Isaac Newton’s use of the representative theory to underpin the modern scientific project, in which mathematical entities stand in a supposed strict relation to forces and bodies in the phenomenal world, has become the canonical method by which scientific research has authenticated itself. The universal acceptance of this manner of theorizing within the scientific community has staunchly avoided exploring the implications of extending its purview into that of the mind—that is, until the development of the cybernetic and AI projects. No doubt Newton, “the last of the Magi,”57 would have greatly approved of this use of his method, but it is of course far from certain that more recent scientists—less close to the eclipse of the Hermetic worldview—would similarly approve.

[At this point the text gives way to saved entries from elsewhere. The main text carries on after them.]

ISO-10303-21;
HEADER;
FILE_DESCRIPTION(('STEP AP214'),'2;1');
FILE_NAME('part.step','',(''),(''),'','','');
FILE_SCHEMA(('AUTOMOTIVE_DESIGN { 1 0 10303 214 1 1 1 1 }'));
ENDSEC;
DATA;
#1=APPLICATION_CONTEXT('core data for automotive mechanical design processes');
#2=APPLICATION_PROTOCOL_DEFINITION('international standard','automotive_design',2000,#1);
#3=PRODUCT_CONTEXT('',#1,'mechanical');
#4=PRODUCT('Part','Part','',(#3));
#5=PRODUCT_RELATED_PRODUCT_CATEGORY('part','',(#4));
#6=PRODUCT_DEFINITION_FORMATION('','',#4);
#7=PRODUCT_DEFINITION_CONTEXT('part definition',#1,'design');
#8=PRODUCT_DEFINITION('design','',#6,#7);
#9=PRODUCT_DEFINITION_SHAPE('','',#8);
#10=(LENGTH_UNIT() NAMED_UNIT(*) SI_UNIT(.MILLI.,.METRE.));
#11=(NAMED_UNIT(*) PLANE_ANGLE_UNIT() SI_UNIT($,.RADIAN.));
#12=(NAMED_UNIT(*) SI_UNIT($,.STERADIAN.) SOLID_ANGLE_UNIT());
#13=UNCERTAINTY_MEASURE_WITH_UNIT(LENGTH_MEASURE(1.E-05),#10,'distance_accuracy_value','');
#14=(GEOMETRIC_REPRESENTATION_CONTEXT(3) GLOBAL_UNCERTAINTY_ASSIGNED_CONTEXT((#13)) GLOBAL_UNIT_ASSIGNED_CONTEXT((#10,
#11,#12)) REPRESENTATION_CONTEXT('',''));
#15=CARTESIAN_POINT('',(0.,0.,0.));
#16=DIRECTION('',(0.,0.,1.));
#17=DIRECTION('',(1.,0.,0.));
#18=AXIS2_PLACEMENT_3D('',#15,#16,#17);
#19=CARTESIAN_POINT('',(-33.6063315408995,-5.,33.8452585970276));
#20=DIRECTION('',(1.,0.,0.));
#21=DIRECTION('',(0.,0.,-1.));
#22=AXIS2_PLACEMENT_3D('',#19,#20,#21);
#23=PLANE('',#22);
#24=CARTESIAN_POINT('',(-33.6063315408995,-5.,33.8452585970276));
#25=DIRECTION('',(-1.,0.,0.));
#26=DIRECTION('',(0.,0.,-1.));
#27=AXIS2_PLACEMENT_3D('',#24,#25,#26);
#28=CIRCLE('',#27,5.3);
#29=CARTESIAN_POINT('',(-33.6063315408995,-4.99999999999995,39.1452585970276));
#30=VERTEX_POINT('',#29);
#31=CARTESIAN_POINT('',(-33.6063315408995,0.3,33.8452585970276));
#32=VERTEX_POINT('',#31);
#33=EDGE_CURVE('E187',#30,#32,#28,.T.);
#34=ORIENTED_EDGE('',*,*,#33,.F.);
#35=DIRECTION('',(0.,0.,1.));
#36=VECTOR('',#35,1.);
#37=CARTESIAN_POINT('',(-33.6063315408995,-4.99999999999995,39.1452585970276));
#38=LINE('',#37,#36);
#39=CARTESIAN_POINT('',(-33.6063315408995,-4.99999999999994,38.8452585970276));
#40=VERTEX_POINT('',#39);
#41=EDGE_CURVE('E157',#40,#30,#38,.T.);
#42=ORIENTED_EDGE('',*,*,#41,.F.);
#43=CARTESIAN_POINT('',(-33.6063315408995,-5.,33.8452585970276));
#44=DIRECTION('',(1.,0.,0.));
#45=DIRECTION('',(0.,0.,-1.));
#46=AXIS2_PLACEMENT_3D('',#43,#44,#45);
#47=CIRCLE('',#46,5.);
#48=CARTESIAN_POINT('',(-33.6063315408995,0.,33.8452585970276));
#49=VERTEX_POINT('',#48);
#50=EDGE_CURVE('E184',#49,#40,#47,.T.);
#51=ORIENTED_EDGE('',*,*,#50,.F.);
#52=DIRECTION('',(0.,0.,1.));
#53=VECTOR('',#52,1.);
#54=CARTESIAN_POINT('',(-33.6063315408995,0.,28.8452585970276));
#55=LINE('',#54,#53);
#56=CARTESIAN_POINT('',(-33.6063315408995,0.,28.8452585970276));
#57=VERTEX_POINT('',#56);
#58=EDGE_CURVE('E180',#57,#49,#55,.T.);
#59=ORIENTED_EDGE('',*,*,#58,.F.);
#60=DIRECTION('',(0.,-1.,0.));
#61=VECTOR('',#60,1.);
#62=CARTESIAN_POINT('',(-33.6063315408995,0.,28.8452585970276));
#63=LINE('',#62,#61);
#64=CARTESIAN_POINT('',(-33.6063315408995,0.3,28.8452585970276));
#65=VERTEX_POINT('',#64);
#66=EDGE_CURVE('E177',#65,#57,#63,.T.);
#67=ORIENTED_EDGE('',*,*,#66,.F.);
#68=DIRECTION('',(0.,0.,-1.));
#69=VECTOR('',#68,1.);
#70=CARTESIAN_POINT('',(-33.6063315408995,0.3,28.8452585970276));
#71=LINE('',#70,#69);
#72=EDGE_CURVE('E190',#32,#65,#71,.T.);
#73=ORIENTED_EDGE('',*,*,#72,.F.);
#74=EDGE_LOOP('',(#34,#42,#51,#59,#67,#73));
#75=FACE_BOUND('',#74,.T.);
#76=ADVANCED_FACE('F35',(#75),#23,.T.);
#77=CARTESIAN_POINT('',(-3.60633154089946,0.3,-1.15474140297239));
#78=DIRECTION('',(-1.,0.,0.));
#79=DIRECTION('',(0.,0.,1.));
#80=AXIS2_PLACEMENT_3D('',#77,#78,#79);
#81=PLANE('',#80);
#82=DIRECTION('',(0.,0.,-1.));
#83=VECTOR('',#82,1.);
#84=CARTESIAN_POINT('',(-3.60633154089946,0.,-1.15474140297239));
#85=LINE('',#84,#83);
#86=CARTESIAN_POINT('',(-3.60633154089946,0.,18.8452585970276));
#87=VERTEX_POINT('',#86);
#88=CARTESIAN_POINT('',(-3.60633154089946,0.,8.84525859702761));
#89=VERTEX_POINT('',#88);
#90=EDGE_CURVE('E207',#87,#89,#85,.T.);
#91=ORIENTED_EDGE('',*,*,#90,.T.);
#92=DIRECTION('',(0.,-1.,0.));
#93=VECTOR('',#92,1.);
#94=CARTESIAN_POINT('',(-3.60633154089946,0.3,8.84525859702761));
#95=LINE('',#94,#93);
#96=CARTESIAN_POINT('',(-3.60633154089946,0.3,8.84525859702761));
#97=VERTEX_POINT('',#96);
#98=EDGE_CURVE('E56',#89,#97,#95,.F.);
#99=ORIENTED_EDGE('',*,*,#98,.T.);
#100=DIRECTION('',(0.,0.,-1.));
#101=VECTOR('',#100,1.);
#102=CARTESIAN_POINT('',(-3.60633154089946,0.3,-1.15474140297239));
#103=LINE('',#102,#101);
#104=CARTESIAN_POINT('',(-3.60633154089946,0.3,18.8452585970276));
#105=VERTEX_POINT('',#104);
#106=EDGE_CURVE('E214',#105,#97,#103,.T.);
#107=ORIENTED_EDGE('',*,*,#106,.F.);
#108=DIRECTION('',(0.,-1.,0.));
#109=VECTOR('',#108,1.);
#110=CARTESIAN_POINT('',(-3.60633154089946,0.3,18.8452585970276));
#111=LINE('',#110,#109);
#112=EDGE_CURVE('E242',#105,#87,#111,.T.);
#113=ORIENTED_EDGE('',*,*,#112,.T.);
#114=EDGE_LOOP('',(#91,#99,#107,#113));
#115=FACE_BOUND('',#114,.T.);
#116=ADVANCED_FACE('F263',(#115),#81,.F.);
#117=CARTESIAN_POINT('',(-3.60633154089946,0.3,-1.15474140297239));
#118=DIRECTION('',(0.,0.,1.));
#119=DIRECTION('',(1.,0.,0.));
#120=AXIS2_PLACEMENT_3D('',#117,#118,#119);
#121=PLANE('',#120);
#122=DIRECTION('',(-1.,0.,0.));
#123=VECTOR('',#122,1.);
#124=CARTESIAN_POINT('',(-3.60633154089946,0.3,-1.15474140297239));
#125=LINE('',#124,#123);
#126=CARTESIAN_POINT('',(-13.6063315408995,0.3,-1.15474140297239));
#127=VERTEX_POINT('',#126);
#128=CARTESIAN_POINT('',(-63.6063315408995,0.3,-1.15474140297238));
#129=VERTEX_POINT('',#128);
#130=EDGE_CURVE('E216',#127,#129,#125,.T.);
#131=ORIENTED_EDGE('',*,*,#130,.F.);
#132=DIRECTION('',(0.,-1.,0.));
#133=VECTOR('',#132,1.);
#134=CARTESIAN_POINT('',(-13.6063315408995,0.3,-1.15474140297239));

Ernst Mach held to the conviction that all great contributions to science, all great theories, were not so much closer approximations to a final description of reality as they were insights into the psychology of the scientists who produced them. In this view, the history of science is really the history of a succession of individual psychologies writ large, as it were, a notion suggesting perhaps that some scientific theories at least might be considered psychopathological. A worldview that idealizes the “pleromatic” as composed of dead, mindless matter has become reified into a world in which the reality of the death of ecosystems has become all too apparent. One hypothesizes that the thinking of Hoffmeyer, Bateson, and Serres represents a reaction to what they see as the psychopathology inherent in the excesses of modern science. As opposed to this way of thinking, each of the foregoing thinkers has attempted to provide a rational (in the Platonic sense) redescription of the grounds on which future scientific theorizations should develop. This perhaps represents the beginnings of an (unknowingly) rediscovered imaginary that supplants one of actants over and against objects and ideals of algorithmic certainty of outcome, with one of intersubjective exchanges governed by the mystery of probability, negentropy, and difference.